(Recorded information Opens)
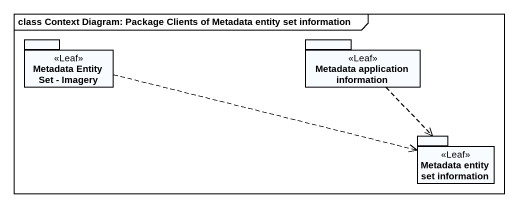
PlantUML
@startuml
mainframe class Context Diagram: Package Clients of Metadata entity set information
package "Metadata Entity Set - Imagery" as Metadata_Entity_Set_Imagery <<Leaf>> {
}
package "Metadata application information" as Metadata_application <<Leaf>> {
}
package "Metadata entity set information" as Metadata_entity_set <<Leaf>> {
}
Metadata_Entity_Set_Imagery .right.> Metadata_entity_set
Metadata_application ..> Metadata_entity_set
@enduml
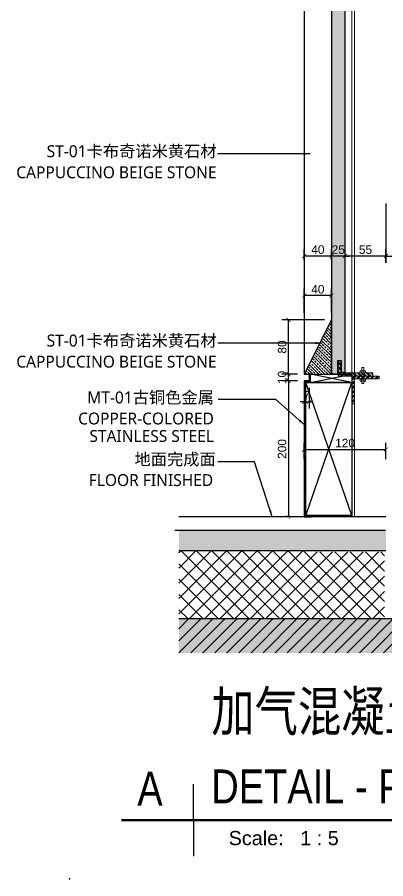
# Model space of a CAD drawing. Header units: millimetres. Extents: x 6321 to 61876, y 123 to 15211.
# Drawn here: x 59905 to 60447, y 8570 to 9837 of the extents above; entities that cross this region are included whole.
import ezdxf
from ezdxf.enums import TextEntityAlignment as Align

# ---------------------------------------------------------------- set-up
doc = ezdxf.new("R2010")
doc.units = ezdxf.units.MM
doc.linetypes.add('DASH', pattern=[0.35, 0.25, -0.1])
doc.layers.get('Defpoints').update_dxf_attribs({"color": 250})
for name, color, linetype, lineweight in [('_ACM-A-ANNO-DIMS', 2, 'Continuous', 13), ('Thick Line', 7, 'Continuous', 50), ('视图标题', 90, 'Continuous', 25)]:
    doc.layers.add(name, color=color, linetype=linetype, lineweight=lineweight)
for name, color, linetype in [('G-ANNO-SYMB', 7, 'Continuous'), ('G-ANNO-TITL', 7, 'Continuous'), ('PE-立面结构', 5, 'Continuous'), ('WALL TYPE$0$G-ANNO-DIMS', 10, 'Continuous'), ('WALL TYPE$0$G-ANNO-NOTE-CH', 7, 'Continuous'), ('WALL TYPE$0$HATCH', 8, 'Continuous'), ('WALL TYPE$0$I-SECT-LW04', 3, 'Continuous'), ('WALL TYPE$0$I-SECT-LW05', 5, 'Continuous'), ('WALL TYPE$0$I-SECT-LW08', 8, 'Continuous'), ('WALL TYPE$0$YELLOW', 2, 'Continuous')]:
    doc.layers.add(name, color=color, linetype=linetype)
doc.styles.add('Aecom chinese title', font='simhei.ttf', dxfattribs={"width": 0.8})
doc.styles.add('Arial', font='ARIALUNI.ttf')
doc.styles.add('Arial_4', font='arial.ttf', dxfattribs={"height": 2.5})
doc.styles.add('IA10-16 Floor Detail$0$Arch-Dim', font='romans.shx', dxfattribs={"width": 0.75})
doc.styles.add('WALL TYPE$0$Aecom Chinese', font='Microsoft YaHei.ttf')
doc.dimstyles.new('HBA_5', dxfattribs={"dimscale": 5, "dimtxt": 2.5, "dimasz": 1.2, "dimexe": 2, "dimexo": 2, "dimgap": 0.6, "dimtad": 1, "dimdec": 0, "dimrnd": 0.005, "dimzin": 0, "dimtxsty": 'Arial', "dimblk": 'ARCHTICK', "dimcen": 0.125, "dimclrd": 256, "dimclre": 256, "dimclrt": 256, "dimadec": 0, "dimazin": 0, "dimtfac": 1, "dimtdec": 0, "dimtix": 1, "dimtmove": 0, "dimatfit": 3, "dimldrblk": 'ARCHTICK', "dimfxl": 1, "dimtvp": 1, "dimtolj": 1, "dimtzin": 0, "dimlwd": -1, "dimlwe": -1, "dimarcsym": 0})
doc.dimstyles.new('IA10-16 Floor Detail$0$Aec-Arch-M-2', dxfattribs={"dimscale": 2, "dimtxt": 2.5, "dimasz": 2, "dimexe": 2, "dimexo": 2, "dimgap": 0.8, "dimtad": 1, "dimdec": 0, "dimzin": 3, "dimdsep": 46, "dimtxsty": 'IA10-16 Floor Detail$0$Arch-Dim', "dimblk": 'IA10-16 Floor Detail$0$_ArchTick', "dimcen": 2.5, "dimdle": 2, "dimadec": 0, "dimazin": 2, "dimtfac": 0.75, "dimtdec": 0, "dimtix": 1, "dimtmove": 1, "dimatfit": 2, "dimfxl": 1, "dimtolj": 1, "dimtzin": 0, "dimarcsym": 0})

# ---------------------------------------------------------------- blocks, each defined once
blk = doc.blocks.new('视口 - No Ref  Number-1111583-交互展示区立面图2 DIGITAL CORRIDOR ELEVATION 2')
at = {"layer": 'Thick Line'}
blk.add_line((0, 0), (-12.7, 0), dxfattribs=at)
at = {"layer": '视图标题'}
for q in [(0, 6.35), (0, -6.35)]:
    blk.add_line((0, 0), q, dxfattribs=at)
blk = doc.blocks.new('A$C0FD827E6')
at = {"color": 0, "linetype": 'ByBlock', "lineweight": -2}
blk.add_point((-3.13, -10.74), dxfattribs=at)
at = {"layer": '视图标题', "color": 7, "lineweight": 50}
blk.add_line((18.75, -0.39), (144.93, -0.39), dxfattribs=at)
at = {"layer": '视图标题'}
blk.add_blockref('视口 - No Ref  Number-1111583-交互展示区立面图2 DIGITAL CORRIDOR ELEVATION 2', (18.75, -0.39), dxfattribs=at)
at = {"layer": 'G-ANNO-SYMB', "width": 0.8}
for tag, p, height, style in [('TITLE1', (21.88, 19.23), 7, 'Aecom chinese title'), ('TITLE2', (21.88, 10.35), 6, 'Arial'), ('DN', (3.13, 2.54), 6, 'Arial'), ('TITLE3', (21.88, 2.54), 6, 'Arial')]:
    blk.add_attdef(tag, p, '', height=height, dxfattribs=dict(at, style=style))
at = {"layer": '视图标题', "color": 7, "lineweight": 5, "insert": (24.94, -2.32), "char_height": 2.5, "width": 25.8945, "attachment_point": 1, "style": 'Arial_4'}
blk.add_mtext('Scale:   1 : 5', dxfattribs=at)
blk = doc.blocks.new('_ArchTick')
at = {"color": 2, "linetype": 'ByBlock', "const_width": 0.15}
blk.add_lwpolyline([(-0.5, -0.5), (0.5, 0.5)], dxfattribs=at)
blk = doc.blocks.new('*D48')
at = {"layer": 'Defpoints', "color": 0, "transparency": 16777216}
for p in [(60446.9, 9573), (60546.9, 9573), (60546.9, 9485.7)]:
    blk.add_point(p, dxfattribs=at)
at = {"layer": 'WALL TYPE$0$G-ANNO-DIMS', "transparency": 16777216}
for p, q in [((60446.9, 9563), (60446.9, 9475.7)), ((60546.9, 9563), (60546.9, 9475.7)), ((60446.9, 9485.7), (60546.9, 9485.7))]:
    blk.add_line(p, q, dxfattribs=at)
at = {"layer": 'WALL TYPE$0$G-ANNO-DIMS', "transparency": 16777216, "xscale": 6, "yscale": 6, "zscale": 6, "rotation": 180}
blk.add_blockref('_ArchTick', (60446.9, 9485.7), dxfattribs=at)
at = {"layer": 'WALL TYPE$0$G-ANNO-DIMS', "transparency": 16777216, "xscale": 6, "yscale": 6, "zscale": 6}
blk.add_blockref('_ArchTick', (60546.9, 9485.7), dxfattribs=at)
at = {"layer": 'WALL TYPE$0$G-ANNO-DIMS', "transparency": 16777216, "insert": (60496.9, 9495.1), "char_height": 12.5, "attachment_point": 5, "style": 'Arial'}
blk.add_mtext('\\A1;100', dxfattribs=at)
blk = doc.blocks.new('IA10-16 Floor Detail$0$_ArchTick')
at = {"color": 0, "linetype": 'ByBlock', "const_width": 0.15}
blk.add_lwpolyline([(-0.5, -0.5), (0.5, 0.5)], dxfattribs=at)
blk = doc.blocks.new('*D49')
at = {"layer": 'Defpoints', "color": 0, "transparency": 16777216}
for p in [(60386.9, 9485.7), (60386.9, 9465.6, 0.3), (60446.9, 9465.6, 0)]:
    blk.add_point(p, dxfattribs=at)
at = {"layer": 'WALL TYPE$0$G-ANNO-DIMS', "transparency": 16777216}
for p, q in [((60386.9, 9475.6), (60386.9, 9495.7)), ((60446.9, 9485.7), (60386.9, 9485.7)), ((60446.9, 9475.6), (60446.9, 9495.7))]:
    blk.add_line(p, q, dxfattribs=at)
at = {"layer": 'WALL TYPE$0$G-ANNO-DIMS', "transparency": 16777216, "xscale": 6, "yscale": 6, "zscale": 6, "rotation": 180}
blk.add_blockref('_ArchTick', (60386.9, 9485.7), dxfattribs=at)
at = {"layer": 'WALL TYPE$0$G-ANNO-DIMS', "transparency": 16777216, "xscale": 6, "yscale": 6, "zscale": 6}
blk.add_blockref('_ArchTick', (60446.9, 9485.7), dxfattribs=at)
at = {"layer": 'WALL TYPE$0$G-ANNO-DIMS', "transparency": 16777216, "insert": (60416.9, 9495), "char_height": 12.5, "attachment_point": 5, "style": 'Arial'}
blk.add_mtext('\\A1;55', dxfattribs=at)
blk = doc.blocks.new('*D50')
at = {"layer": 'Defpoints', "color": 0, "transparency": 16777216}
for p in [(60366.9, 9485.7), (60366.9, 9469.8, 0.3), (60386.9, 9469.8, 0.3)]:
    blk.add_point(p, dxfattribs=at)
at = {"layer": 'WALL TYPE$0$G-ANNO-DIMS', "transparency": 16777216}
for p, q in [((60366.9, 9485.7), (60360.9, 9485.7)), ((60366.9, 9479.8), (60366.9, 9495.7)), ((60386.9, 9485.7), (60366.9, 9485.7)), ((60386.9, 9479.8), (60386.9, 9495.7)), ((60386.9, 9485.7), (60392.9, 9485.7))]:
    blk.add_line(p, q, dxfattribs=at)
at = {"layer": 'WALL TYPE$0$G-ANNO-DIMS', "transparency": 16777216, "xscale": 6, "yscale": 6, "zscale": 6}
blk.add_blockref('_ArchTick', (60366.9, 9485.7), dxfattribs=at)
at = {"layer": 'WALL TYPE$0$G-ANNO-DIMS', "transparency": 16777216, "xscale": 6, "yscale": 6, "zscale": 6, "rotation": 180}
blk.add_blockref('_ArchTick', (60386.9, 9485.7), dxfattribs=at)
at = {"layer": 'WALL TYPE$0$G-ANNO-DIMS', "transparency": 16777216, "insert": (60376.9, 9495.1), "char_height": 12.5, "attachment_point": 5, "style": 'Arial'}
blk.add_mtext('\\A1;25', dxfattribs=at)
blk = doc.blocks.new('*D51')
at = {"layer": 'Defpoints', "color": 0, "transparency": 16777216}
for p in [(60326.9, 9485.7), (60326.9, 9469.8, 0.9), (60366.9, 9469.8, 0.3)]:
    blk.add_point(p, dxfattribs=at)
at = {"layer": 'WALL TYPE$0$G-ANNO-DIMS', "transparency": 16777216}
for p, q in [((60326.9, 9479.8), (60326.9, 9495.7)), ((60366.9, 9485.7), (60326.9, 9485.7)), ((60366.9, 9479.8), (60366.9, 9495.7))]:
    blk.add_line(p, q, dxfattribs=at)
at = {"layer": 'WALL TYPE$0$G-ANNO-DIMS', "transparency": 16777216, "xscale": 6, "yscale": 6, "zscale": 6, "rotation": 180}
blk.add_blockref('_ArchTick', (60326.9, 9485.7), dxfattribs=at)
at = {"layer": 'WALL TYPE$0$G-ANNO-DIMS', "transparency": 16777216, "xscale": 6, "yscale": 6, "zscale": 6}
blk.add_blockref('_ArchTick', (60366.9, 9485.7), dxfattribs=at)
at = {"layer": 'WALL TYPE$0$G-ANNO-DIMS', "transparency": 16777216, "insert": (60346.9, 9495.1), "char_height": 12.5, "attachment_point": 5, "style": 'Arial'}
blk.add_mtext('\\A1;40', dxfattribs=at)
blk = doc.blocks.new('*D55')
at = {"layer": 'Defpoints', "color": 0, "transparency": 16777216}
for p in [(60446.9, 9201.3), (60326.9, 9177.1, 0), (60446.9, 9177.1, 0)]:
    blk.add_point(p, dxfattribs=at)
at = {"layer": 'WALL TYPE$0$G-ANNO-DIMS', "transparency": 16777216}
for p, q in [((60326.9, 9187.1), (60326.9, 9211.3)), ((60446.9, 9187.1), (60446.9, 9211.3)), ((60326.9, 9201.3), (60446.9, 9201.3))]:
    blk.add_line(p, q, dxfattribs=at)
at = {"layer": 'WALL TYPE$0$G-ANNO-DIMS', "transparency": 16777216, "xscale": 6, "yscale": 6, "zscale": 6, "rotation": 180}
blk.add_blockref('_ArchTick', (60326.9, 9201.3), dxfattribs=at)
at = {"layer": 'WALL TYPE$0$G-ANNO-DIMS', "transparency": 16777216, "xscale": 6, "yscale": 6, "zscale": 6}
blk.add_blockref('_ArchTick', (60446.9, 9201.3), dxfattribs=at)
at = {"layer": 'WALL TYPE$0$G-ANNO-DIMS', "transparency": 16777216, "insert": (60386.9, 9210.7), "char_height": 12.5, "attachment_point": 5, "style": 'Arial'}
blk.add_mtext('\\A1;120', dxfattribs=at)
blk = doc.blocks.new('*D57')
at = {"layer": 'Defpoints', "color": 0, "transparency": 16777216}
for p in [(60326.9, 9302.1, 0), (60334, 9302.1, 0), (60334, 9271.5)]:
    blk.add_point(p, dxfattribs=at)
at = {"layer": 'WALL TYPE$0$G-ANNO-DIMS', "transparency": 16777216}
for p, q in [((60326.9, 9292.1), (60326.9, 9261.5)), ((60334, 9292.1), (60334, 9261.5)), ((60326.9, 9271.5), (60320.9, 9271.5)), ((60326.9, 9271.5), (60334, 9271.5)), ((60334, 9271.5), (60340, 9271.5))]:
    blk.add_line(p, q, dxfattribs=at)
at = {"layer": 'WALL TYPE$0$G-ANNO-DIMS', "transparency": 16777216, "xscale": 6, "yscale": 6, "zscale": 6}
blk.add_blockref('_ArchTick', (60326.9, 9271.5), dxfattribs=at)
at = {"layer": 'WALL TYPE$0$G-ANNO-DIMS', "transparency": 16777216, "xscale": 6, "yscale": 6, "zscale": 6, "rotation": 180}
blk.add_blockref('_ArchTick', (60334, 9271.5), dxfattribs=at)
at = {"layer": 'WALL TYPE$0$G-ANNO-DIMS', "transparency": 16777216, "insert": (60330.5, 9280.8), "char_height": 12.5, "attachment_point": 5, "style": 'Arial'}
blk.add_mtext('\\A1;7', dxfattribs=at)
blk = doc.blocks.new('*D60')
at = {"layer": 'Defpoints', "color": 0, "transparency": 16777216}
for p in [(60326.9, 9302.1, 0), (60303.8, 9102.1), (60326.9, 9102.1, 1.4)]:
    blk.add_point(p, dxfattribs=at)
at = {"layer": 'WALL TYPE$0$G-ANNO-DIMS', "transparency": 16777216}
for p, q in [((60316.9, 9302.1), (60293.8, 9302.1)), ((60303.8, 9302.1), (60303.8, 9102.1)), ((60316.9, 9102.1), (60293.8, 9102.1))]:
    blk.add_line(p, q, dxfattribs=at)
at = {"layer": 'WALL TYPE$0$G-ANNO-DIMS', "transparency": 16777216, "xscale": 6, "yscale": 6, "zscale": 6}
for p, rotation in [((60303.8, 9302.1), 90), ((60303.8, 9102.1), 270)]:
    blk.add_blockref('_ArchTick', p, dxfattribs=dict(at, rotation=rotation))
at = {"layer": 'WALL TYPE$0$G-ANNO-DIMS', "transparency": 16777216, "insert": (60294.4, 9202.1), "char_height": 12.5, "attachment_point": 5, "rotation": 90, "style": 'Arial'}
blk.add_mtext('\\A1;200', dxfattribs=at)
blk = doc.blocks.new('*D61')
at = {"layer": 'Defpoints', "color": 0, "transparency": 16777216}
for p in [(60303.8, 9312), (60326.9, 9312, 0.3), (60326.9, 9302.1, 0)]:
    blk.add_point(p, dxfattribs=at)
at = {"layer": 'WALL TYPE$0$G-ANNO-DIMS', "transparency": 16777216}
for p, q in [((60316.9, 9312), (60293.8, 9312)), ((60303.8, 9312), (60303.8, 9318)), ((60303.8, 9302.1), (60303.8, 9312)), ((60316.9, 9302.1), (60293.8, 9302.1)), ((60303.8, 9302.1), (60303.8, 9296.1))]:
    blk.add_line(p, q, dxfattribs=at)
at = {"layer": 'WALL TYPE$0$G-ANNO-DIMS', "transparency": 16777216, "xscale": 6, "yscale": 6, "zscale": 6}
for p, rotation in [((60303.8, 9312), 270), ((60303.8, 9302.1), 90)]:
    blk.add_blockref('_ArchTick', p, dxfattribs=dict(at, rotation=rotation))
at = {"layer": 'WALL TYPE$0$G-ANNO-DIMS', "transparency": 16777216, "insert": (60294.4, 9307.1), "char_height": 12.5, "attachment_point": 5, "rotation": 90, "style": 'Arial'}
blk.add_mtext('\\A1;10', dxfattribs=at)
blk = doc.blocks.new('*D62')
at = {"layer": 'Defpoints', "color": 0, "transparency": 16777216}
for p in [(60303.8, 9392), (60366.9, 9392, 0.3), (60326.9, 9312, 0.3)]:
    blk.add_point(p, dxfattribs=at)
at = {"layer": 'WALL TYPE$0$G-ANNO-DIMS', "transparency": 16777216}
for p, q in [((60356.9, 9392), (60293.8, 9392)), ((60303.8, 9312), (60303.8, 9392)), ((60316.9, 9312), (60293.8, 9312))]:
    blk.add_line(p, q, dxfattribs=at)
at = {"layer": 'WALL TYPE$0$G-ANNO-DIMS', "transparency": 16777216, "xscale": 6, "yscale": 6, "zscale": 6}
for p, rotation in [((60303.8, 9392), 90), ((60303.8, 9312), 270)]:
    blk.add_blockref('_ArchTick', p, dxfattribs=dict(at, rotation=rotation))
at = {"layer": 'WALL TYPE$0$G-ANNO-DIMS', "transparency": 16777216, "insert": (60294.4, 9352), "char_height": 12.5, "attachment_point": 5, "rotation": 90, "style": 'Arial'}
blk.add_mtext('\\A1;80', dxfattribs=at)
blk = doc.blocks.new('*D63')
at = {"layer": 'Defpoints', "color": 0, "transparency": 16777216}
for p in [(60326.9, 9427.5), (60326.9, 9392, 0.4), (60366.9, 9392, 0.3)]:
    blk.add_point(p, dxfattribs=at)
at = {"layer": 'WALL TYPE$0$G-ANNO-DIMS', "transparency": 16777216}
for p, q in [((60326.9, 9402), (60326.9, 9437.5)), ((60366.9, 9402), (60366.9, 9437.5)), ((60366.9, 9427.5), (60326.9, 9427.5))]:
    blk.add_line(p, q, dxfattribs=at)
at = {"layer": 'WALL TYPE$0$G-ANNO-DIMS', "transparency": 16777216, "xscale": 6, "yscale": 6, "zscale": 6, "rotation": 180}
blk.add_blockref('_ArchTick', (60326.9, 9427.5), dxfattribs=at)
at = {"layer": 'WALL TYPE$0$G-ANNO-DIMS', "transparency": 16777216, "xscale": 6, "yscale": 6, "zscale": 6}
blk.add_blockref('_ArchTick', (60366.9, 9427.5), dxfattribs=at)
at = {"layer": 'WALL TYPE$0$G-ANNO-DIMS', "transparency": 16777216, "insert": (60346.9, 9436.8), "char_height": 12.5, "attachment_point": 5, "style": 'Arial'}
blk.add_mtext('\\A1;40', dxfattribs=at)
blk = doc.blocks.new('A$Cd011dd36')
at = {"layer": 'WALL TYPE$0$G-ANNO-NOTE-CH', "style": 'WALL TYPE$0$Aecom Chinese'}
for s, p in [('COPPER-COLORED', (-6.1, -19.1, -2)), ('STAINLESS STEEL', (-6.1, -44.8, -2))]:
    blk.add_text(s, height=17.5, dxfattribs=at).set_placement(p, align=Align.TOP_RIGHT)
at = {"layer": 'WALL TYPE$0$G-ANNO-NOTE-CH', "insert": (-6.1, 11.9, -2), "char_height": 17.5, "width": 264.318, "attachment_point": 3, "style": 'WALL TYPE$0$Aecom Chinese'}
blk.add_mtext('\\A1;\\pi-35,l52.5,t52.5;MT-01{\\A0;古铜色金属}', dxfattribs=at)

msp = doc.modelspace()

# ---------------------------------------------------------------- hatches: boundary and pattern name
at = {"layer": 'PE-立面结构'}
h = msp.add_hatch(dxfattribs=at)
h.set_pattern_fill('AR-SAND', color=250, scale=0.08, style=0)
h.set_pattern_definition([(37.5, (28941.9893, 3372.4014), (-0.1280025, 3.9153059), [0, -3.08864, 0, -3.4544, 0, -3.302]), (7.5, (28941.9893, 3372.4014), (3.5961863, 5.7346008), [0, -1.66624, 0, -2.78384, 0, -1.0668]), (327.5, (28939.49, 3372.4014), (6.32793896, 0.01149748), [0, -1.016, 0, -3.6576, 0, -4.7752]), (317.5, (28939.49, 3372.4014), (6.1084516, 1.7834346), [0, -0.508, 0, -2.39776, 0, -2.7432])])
(Recorded information Closes)
Directions for this task: Restate the lines of the records exactly, starting at the first and stopping after the line with "color=color, linetype=linetype, lineweight=lineweight)". Leave out any picture.

Answer for the task:
PlantUML
@startuml
mainframe class Context Diagram: Package Clients of Metadata entity set information
package "Metadata Entity Set - Imagery" as Metadata_Entity_Set_Imagery <<Leaf>> {
}
package "Metadata application information" as Metadata_application <<Leaf>> {
}
package "Metadata entity set information" as Metadata_entity_set <<Leaf>> {
}
Metadata_Entity_Set_Imagery .right.> Metadata_entity_set
Metadata_application ..> Metadata_entity_set
@enduml
# Model space of a CAD drawing. Header units: millimetres. Extents: x 6321 to 61876, y 123 to 15211.
# Drawn here: x 59905 to 60447, y 8570 to 9837 of the extents above; entities that cross this region are included whole.
import ezdxf
from ezdxf.enums import TextEntityAlignment as Align

# ---------------------------------------------------------------- set-up
doc = ezdxf.new("R2010")
doc.units = ezdxf.units.MM
doc.linetypes.add('DASH', pattern=[0.35, 0.25, -0.1])
doc.layers.get('Defpoints').update_dxf_attribs({"color": 250})
for name, color, linetype, lineweight in [('_ACM-A-ANNO-DIMS', 2, 'Continuous', 13), ('Thick Line', 7, 'Continuous', 50), ('视图标题', 90, 'Continuous', 25)]:
    doc.layers.add(name, color=color, linetype=linetype, lineweight=lineweight)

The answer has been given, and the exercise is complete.